Stephen Miller lies through omission. Habeas corpus can be suspended during time of invasion or rebellion, but only by Congress. The sole exception occurred during the Civil War when the existence of the nation was imperiled and the government itself was at risk of capture. Lincoln stretched the authority of his office in a dire emergency and gave that authority back to Congress at the first opportunity. Miller’s “study” of the Constitution seems to consist of scanning it for catchphrases, giving him a patina of knowledge that impresses an otherwise woefully ignorant boss. Miller’s rhetoric resembles the “tinny arf of a lapdog,” to borrow a favored phrase from George Will.
Kristi Noem’s grasp of the Constitution is dishonest and more deplorable (if that is possible) than Miller’s. Dishonest and deplorable because she certainly knows it isn’t “a right the president has to be able to remove people from this country.” Her answer to Senator Hassan reflects the cynicism and toadying that is the foundation of this administration.

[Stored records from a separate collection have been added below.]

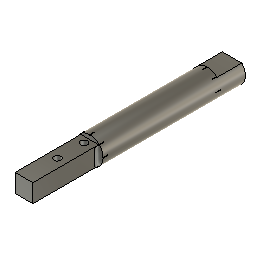
UCF_MainArm v3 (Autodesk Fusion 360 design; units mm, degrees)
Autodesk Fusion 360 part; units mm, degrees
sketch "Sketch1" plane through (0, 0, 0) normal (0, 1, 0) x (1, 0, 0)
  circle A0 centre (0, 0) radius 9.525
  line L0 (-6.35, -6.49224) -> (-6.35, 6.49224)
  line L1 (6.35, 6.49224) -> (6.35, -6.49224)
  line L2 (-6.96968, -6.49224) -> (6.96968, -6.49224)
  line L3 (6.96968, 6.49224) -> (-6.96968, 6.49224)
  circle A1 centre (0, 0) radius 12.7 construction
  dimension "d1" = 19.05
  dimension "d11" = 6.49224
  dimension "d12" = 6.49224
  dimension "d92" = 25.4
  dimension "d200" = 6.35
  dimension "d201" = 12.7
  constraint coincident A0.centre A1.centre
  constraint parallel L0 L1
  constraint perpendicular L1 L2
  constraint perpendicular L0 L3
  constraint concentric A0 A1
  constraint vertical L0
  measures "d1" diameter of A0
  measures "d11" distance of A0.centre L2
  measures "d12" distance of A0.centre L3
  measures "d92" diameter of A1
  measures "d200" distance of L0 A0.centre
  measures "d201" distance of L0 L1
extrude "Extrude1" add sketch "Sketch1" along normal blind 114.3 contours A0 L1 L2 L3 | A0 L3 | A0 L2 | A0 L0 L2 L3 | L0 L1 L2 L3 picked at (7.408333, 0) picked at (-0.236707, 7.494324) picked at (0.236707, -7.494324) picked at (-7.408333, 0) picked at (-2.116667, 2.16408)
extrude "Extrude2" cut sketch "Sketch1" against normal blind 12.7 from surface at 114.3 contours A0 L1 L2 L3 | A0 L3 | A0 L2 | A0 L0 L2 L3 | L0 L1 L2 L3 picked at (7.408333, 0) picked at (-0.236707, 7.494324) picked at (0.236707, -7.494324) picked at (-7.408333, 0) picked at (-2.116667, 2.16408)
extrude "Extrude3" add sketch "Sketch1" against normal blind 46.99 contours L0 L1 L2 L3 picked at (-2.116667, 2.16408)
sketch "Sketch2" plane through (0, 0, 6.49224) normal (0, 0, 1) x (-1, 0, 0)
  circle A0 centre (0, 23.114) radius 2.4892
  circle A1 centre (0, 4.064) radius 2.4892
  dimension "d25" = 4.9784
  dimension "d26" = 4.9784
  dimension "d27" = 19.05
  dimension "d413" = 4.064
  constraint vertical A0.centre A1.centre
  constraint vertical origin A1.centre
  measures "d25" diameter of A0
  measures "d26" diameter of A1
  measures "d27" distance of A0.centre A1.centre
  measures "d413" distance of origin A1.centre
extrude "Extrude4" cut sketch "Sketch2" against normal up to surface (12.98448 mm away) contours A0 | A1 picked at (-1.465566, 22.807799) picked at (0.986242, 5.102364)
extrude "Extrude5" cut sketch "Sketch1" against normal blind 17.78 from surface at 101.6 contours A0 L2 picked at (0.236707, -7.494324)
fillet "Fillet2" radius 3.175 2 edges at (-6.35, 0, 0) (6.35, 0, 0)
sketch "Sketch3" plane through (0, 0, 0) normal (0, 0, 1) x (1, 0, 0)
  line L0 (0, 0) -> (0, 3.175) construction
  line L1 (0.127, 0) -> (0.127, 3.175)
  line L2 (-0.127, 0) -> (-0.127, 3.175)
  line L3 (0.127, 3.175) -> (-0.127, 3.175)
  line L4 (0.127, 0) -> (0, 0)
  line L5 (0.127, 0) -> (-0.127, 0)
  dimension "d378" = 3.175
  dimension "d379" = 0.127
  constraint coincident L0.start L4.end
  constraint vertical L0
  constraint symmetric L0 L1.start L2.start
  constraint symmetric L0 L1.end L2.end
  constraint perpendicular L2 L4
  measures "d378" distance of L0.start L0.end
extrude "Extrude6" cut sketch "Sketch3" against normal blind 0.381 from the near side of the face at (-7.63025, 37.212514, -5.701307) contours L1 L2 L3 L4 L5 picked at (0, 2.116667)
pattern_circular "C-Pattern1" count 5 over 180 about axis through (0, 0, 0) along (0, 1, 0) both ways of "Extrude6"
ref_plane "WorkPlane2" through (0, 41.91, 0) normal (0, -1, 0) x (-1, 0, 0)
mirror "Mirror1" about plane through (0, 41.91, 0) normal (0, -1, 0) of "Extrude6", "C-Pattern1"
equation "d12 = d11"
equation "d26 = d25"

For over two centuries Presidents and Congresses have faced dire emergencies and only a few times have acted to suppress liberty; during the Civil War when the nation’s existence was imperiled, and on the occasions when habeas corpus was effectively, but not explicitly, suspended. One of those occasions, the Japanese internment during World War Two, is today widely seen as a stain on the nation’s history. I personally believe the actions taken in World War One and following 9/11 are similarly ignominious.
It doesn't surprise me that this administration shows contempt for habeas corpus. It saddens and angers me, and I hope voters remember it in 2026 and 2028.